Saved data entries
Start of Block

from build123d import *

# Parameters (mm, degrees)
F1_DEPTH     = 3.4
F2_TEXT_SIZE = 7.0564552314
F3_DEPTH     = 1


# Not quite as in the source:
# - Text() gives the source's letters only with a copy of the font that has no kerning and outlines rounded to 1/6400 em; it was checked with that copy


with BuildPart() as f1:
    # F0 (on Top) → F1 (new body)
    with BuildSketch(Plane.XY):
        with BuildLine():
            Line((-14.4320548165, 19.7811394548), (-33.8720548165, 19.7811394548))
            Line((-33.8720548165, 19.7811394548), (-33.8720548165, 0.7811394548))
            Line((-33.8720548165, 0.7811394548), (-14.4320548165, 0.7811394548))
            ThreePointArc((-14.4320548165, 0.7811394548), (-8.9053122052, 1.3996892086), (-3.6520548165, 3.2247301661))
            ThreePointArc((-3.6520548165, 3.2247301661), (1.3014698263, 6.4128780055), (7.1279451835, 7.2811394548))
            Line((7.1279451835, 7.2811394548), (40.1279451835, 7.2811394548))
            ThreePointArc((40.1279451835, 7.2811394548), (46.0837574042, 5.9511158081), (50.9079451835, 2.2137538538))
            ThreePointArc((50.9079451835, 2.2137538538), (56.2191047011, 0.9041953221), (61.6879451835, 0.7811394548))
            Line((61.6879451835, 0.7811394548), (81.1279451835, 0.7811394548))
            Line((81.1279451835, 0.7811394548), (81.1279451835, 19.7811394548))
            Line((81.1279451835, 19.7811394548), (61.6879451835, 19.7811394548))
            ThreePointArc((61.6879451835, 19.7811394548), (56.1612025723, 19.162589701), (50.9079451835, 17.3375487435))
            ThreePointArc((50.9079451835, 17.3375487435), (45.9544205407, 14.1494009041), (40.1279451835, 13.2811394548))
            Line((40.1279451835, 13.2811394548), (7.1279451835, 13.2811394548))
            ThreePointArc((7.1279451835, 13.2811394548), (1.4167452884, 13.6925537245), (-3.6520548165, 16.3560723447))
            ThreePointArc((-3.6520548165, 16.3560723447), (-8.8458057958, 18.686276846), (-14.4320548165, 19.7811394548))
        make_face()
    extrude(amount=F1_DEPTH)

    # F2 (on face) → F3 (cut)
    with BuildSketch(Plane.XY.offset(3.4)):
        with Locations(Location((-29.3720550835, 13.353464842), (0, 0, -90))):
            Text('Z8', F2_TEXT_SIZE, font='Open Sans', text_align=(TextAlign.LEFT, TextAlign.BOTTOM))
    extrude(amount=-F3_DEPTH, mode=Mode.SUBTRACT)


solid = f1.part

End of Block

§ **Your objective**
Among the lines above, which hold the word "amount"? Report each one.

§ **Output for this task**
    extrude(amount=F1_DEPTH)
    extrude(amount=-F3_DEPTH, mode=Mode.SUBTRACT)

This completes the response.